Do you really believe that Martin Ive is going to get that overhead down enough to break even this year?
Well do you punk😅✌
To be fair, they are always around when there is fear mongering to be had.
And to be fair, these are fear mongering times. If only you could find an AIM share that is showing growth potential at a time when confidence in AIM shares is at an all time low. Hmmmmm.
This is not a mining company.
This is not a company looking for a biological breakthrough.
This is a company with a product.
A product that is getting installed into everyday use.
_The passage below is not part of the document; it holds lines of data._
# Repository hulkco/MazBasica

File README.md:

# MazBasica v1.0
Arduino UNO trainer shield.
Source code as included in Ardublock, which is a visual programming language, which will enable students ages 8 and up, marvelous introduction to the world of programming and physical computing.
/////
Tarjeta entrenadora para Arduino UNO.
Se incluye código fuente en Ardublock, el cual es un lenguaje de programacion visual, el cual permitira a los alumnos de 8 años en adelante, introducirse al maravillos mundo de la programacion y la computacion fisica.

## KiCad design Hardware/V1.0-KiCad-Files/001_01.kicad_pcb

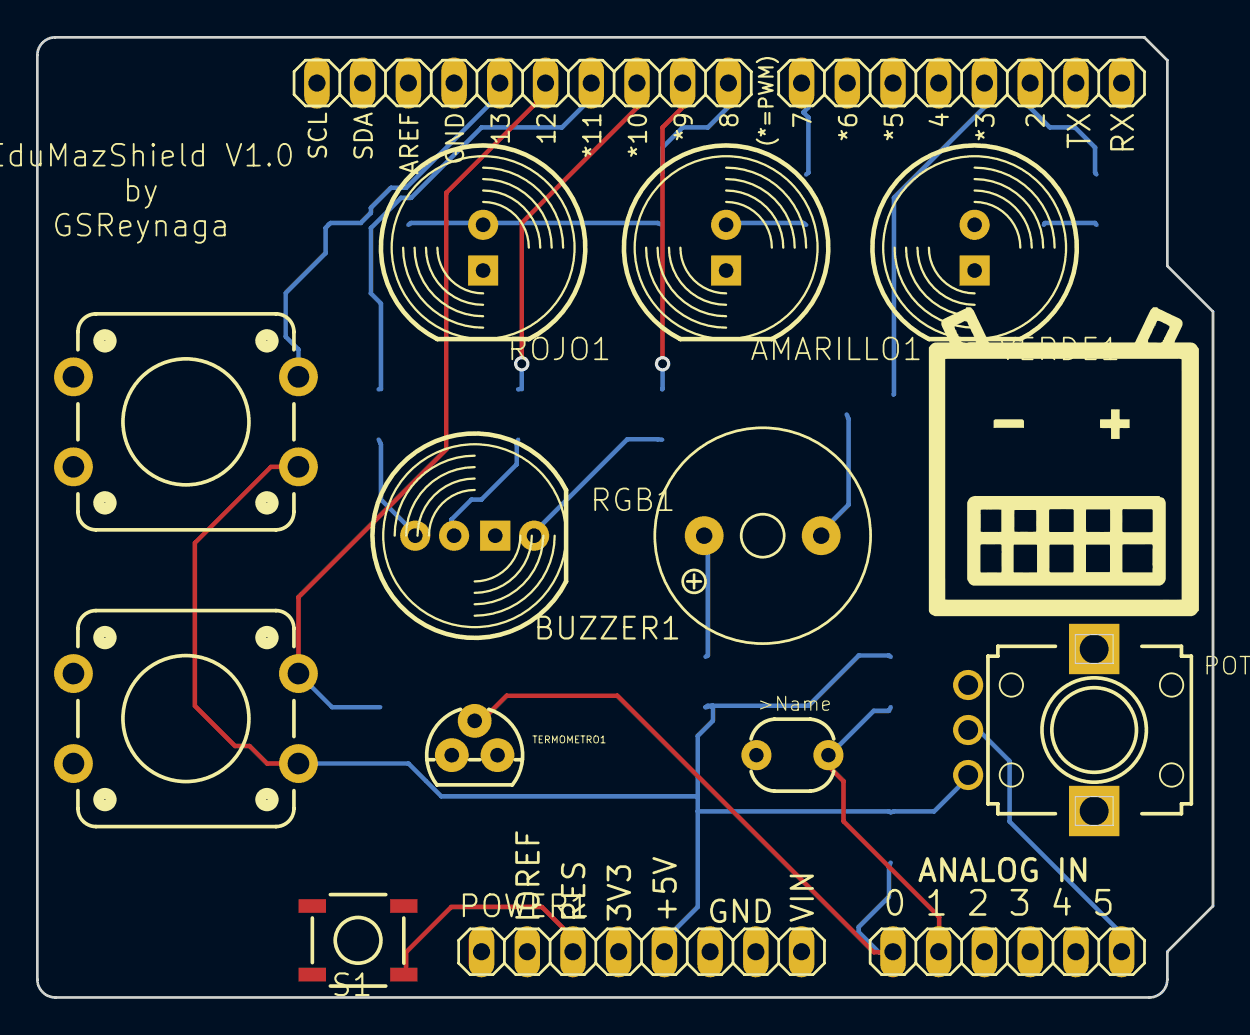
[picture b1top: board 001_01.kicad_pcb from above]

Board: 2 copper layers, 65.3 x 53.3 mm, 28 parts (0 on the bottom side), 23 nets.

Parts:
AMARILLO1: LED10MM
BOTON_A1: SWITCH-MOMENTARY-212MM; TACTILE-PTH-12MM
BOTON_B1: SWITCH-MOMENTARY-212MM; TACTILE-PTH-12MM
BUZZER1: BUZZER; F_QMBIII
JANALOG1: 6x1F-H8.5-L14.5mm; 1X06-TH
JHIGH1: 10x1F-H8.5-L14.5mm; 1X10-TH
JLOW1: 8x1F-H8.5-L14.5mm; 1X08-TH
LDR1: FOTOCELDA; PHOTOCELL
POTENCIOMETRO1: POTENCIOMETRO; EVUF
POWER1: 8x1F-H8.5-L14.5mm; 1X08-TH
Q1: FDV301N; SOT23-W
R1, R2, R3, R4, R8, R9, R12, R13, R19: 330; M1206
R7, R10: 10k; M1206
RGB1: RGB; LED-RGB-10MM
ROJO1: LED10MM
S1: TAC_SWITCHSMD; TACTILE_SWITCH_SMD
TERMOMETRO1: TERMOMETRO; LM335Z
U$1: LOGO-BOY-001
VERDE1: LED10MM

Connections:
/5V: BOTON_A1.1, BOTON_B1.1, POTENCIOMETRO1.3, POWER1.5, R4.2, R7.2, R10.2
/A0: JANALOG1.1, R7.1, TERMOMETRO1.2
/A1: JANALOG1.2, LDR1.2, R10.1
/A5: JANALOG1.6, POTENCIOMETRO1.2
/D2: JLOW1.3, R1.2
/D3: JLOW1.4, Q1.1
/D7: JLOW1.8, R2.2
/D8: JHIGH1.1, R3.2
/D9: JHIGH1.2, R9.1
/D10: JHIGH1.3, R12.1
/D11: JHIGH1.4, R13.1
/D12: BOTON_A1.3, JHIGH1.5, R8.1
/D13: BOTON_B1.3, JHIGH1.6, R19.1
/RESET: POWER1.3, S1.1
GND: AMARILLO1.K, JHIGH1.7, LDR1.1, POTENCIOMETRO1.1, POWER1.6, POWER1.7, Q1.2, R8.2, R19.2, RGB1.A, ROJO1.K, S1.3, TERMOMETRO1.1, VERDE1.K
unnamed: AMARILLO1.A, R2.1
unnamed: BUZZER1.+, R4.1
unnamed: BUZZER1.-, Q1.3
unnamed: R1.1, VERDE1.A
unnamed: R3.1, ROJO1.A
unnamed: R9.2, RGB1.CR
unnamed: R12.2, RGB1.CG
unnamed: R13.2, RGB1.CB

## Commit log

2015-12-23 Comentario
2015-12-23 Fotos
2015-12-26 Create gh-pages branch via GitHub
2016-02-25 Cambio estructura
2016-05-18 Create todo
2017-06-12 Changes 16-06-2017
    Minor changes to manual.
2017-06-12 Changes file name
    Update the file name
2017-06-12 Change Directory Name
2019-02-21 Update KiCad Files
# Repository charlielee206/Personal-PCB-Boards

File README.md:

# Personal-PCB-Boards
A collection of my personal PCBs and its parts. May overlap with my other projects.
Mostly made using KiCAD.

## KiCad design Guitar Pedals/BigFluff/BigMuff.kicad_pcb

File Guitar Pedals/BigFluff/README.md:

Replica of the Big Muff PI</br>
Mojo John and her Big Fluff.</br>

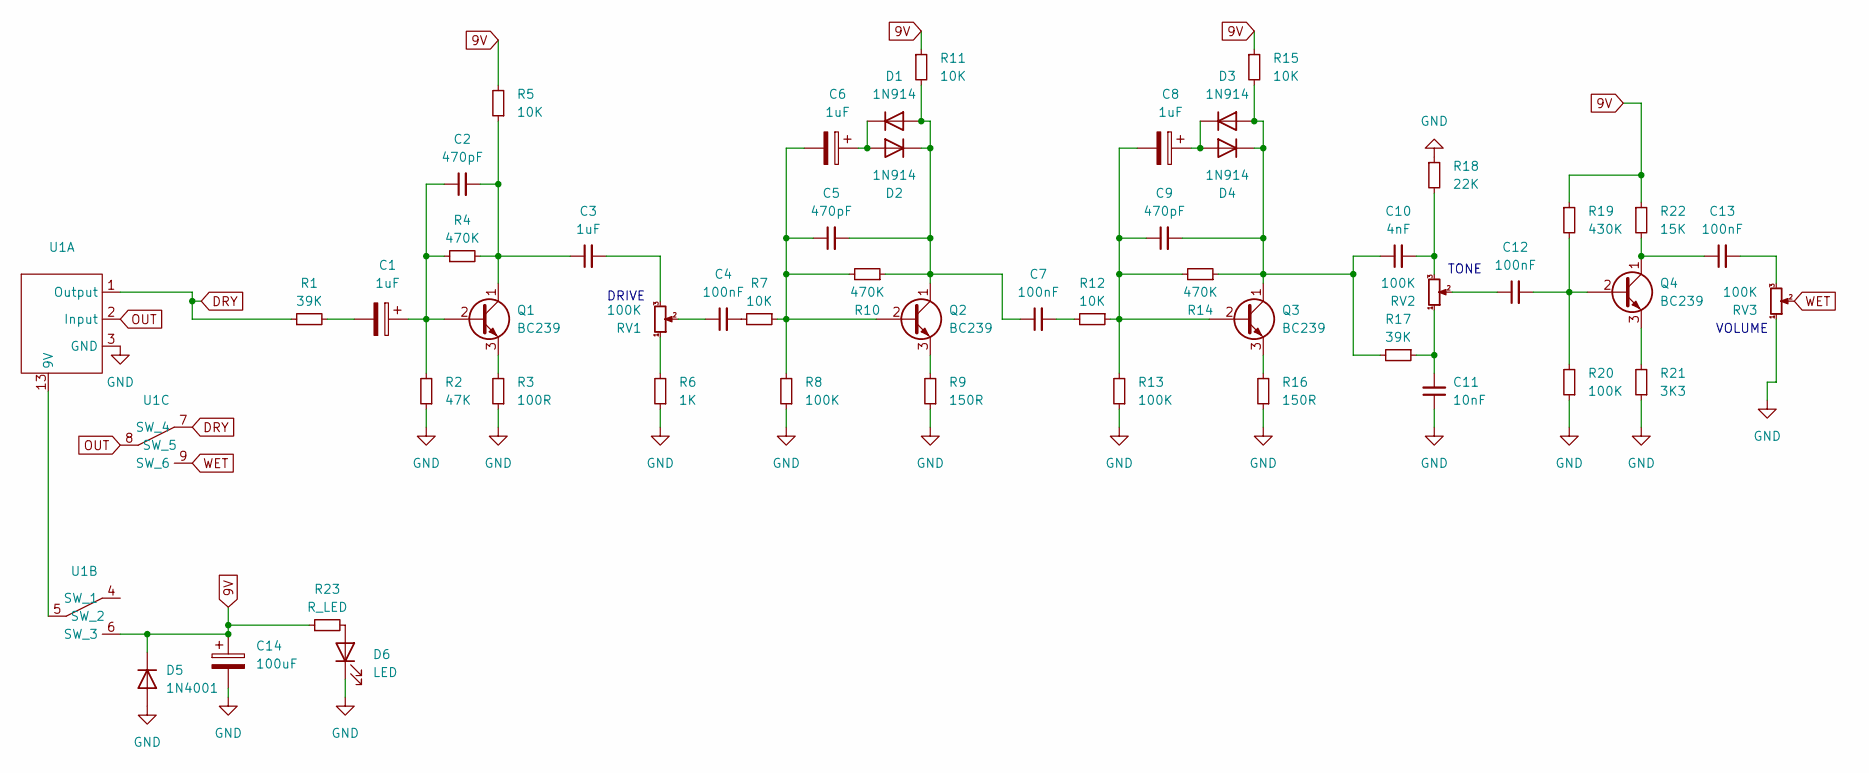
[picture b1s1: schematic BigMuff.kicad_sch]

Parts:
C1, C6, C8: 1uF; CP_Radial_D4.0mm_P2.00mm
C2, C5, C9: 470pF; C_Custom_Disc_D4.3mm_W1.9mm_P5.00mm
C3: 1uF; C_Custom_Disc_D4.3mm_W1.9mm_P5.00mm
C4, C7, C12, C13: 100nF; C_Custom_Disc_D4.3mm_W1.9mm_P5.00mm
C10: 4nF; C_Custom_Disc_D4.3mm_W1.9mm_P5.00mm
C11: 10nF; C_Custom_Disc_D4.3mm_W1.9mm_P5.00mm
C14: 100uF; CP_Radial_D6.3mm_P2.50mm
D1, D2, D3, D4: 1N914; D_DO-35_SOD27_P7.62mm_Horizontal
D5: 1N4001; D_DO-41_SOD81_P10.16mm_Horizontal
D6: LED; LED_D3.0mm
Q1, Q2, Q3, Q4: BC239; TO-92L_Inline
R1, R17: 39K; R_Custom_Axial_DIN0207_L6.3mm_D2.5mm_P7.62mm_Horizontal
R2: 47K; R_Custom_Axial_DIN0207_L6.3mm_D2.5mm_P7.62mm_Horizontal
R3: 100R; R_Custom_Axial_DIN0207_L6.3mm_D2.5mm_P7.62mm_Horizontal
R4, R10, R14: 470K; R_Custom_Axial_DIN0207_L6.3mm_D2.5mm_P7.62mm_Horizontal
R5, R7, R11, R12, R15: 10K; R_Custom_Axial_DIN0207_L6.3mm_D2.5mm_P7.62mm_Horizontal
R6: 1K; R_Custom_Axial_DIN0207_L6.3mm_D2.5mm_P7.62mm_Horizontal
R8, R13, R20: 100K; R_Custom_Axial_DIN0207_L6.3mm_D2.5mm_P7.62mm_Horizontal
R9, R16: 150R; R_Custom_Axial_DIN0207_L6.3mm_D2.5mm_P7.62mm_Horizontal
R18: 22K; R_Custom_Axial_DIN0207_L6.3mm_D2.5mm_P7.62mm_Horizontal
R19: 430K; R_Custom_Axial_DIN0207_L6.3mm_D2.5mm_P7.62mm_Horizontal
R21: 3K3; R_Custom_Axial_DIN0207_L6.3mm_D2.5mm_P7.62mm_Horizontal
R22: 15K; R_Custom_Axial_DIN0207_L6.3mm_D2.5mm_P7.62mm_Horizontal
R23: R_LED; R_Custom_Axial_DIN0207_L6.3mm_D2.5mm_P7.62mm_Horizontal
RV1, RV2, RV3: 100K; Potentiometer_Alps_RK09L_Single_Vertical
U1: EmptyPedal

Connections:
9V: C14.1, D5.1 (K), R5.2, R11.1, R15.1, R19.1, R22.1, R23.1, U1.6 (SW_3)
DRY: R1.1, U1.1 (Output), U1.7 (SW_4)
GND: C11.1, C14.2, D5.2 (A), D6.1 (K), R2.1, R3.1, R6.1, R8.1, R9.1, R13.1, R16.1, R18.1, R20.1, R21.1, RV3.1, U1.3 (GND)
unnamed: C1.2, R1.2
unnamed: C3.2, RV1.3
unnamed: C4.1, RV1.2
unnamed: C4.2, R7.2
unnamed: C7.2, R12.2
unnamed: C10.2, R18.2, RV2.3
unnamed: C11.2, R17.1, RV2.1
unnamed: C12.1, RV2.2
unnamed: C13.2, RV3.3
unnamed: C5.2, C7.1, D1.2 (A), D2.1 (K), Q2.1 (C), R10.1, R11.2
unnamed: C6.1, D1.1 (K), D2.2 (A)
unnamed: C9.2, C10.1, D3.2 (A), D4.1 (K), Q3.1 (C), R14.1, R15.2, R17.2
unnamed: C8.1, D3.1 (K), D4.2 (A)
unnamed: D6.2 (A), R23.2
unnamed: C1.1, C2.1, Q1.2 (B), R2.2, R4.1
unnamed: C2.2, C3.1, Q1.1 (C), R4.2, R5.1
unnamed: Q1.3 (E), R3.2
unnamed: C5.1, C6.2, Q2.2 (B), R7.1, R8.2, R10.2
unnamed: Q2.3 (E), R9.2
unnamed: C8.2, C9.1, Q3.2 (B), R12.1, R13.2, R14.2
unnamed: Q3.3 (E), R16.2
unnamed: C12.2, Q4.2 (B), R19.2, R20.2
unnamed: C13.1, Q4.1 (C), R22.2
unnamed: Q4.3 (E), R21.2
unnamed: R6.2, RV1.1
unnamed: U1.5 (SW_2), U1.13 (9V)
OUT: U1.2 (Input), U1.8 (SW_5)
WET: RV3.2, U1.9 (SW_6)

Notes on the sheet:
TONE
VOLUME
DRIVE

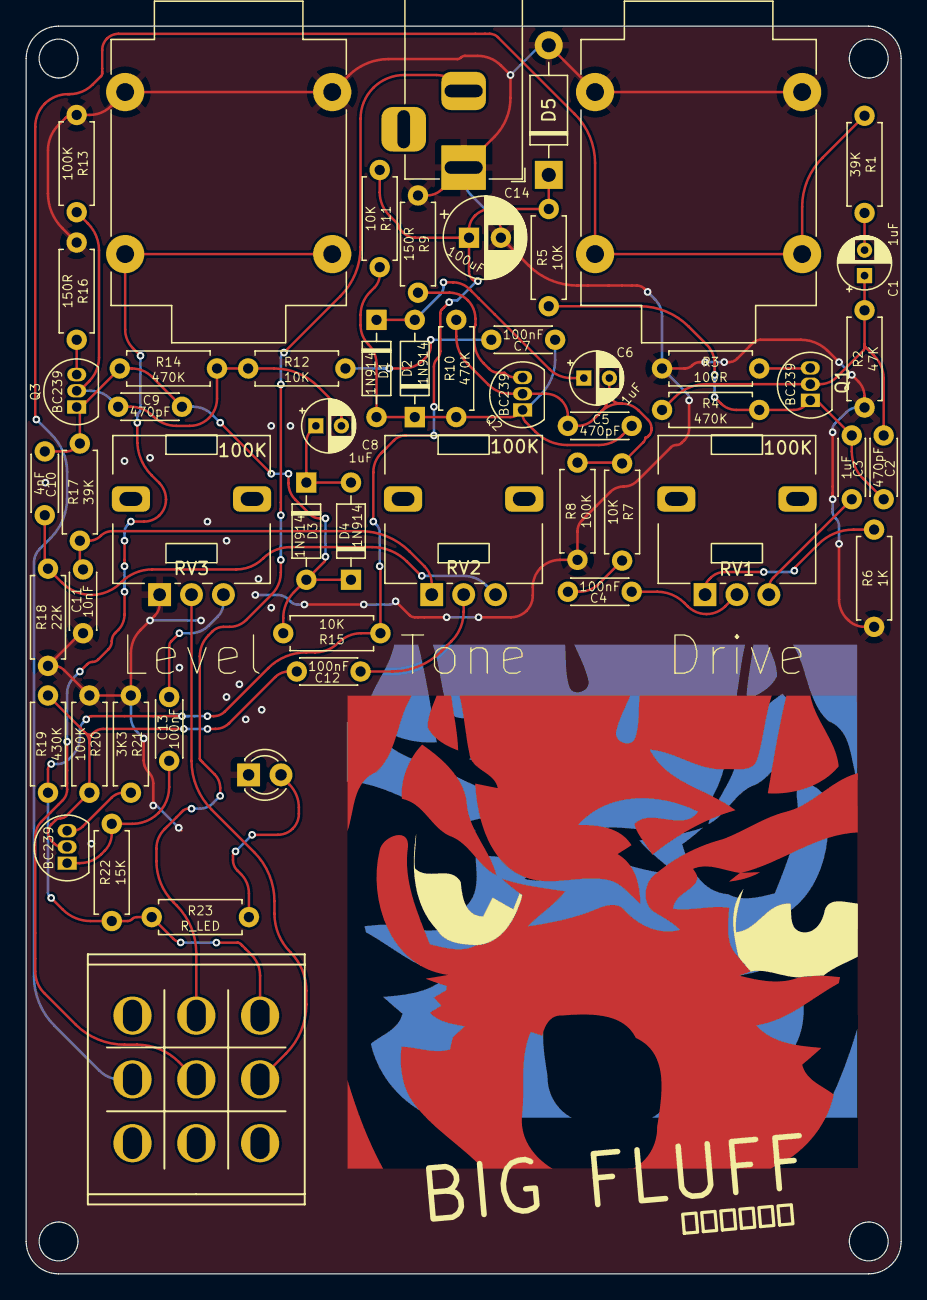
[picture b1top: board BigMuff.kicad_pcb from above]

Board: 2 copper layers, 68.6 x 97.8 mm, 51 parts (0 on the bottom side), 31 nets.

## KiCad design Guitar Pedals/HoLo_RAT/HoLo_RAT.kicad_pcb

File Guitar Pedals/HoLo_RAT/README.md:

A clone of the famous 'ProCo RAT' distortion pedal. </br>
The Transistor is wired wrong. Need to fix.</br>

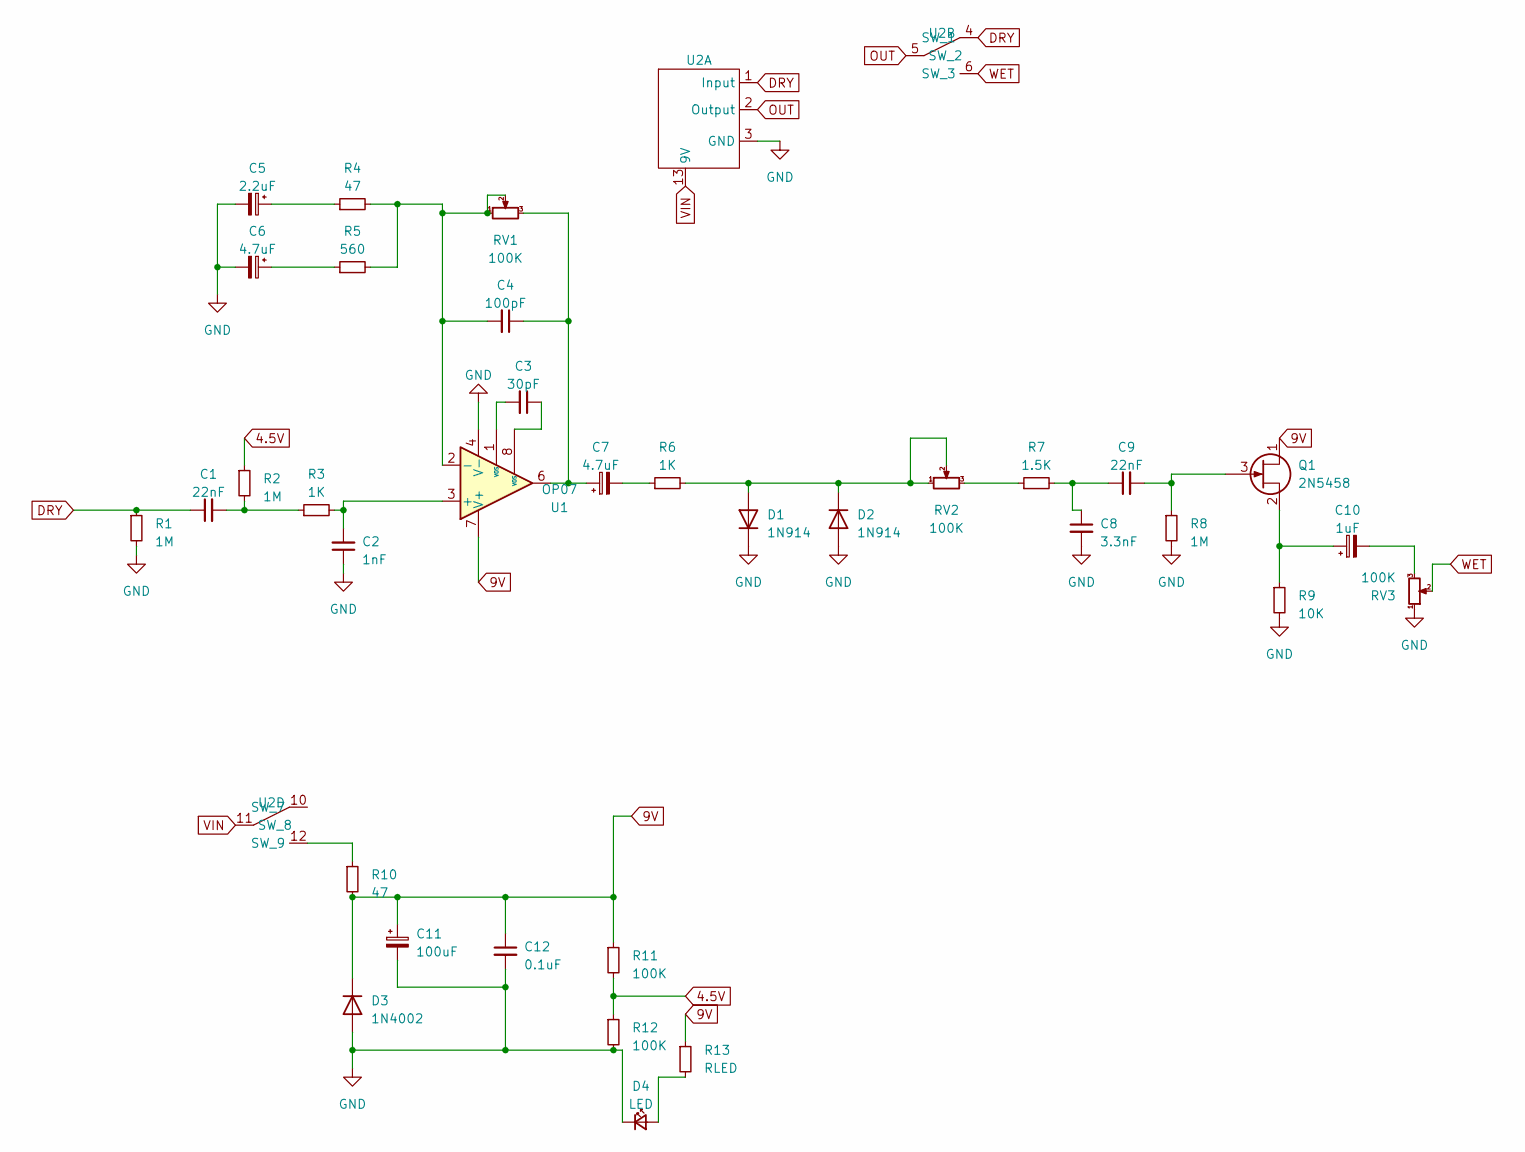
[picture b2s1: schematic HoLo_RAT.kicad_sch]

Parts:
C1, C9: 22nF; C_Custom_Disc_D4.3mm_W1.9mm_P5.00mm
C2: 1nF; C_Custom_Disc_D4.3mm_W1.9mm_P5.00mm
C3: 30pF; C_Custom_Disc_D4.3mm_W1.9mm_P5.00mm
C4: 100pF; C_Custom_Disc_D4.3mm_W1.9mm_P5.00mm
C5: 2.2uF; CP_Radial_D5.0mm_P2.00mm
C6, C7: 4.7uF; CP_Radial_D5.0mm_P2.00mm
C8: 3.3nF; C_Custom_Disc_D4.3mm_W1.9mm_P5.00mm
C10: 1uF; CP_Radial_D5.0mm_P2.00mm
C11: 100uF; CP_Radial_D5.0mm_P2.00mm
C12: 0.1uF; C_Custom_Disc_D4.3mm_W1.9mm_P5.00mm
D1, D2: 1N914; D_DO-35_SOD27_P7.62mm_Horizontal
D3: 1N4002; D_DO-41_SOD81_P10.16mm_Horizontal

This is a company with regulatory tailwinds and exemplary technology.
As Baxter would say…..
…..Exciting Times Ahead :)
Bout time we announced something SA ?
https://www.linkedin.com/posts/seeing-machines-latam_visionariosdelsafety-safety-seguridadvial-activity-7183456141165613056-Nh4_?utm_source=share&utm_medium=member_ios
Here come the fear spreaders.
At end of last quarter ending Dec 31 so that would be under 500 k additions in the 2 quarters to end June. Would be very underwhelming but no surprise given the inability to surprise on the upside which has been prevalent here for years
I would say it’s 99% certain breakeven will be pushed back - they never hit any timescales
2 million by End of June will actually be rather poor. We are already over 1.5m, which only suggests less than another 0.5 million, showing quite poor growth.
I thought the next 2 KPIs were supposed to be awesome given BMW and VW are joining the party. If that's the case it will be another Auto revenue miss, and breakeven pushed back further.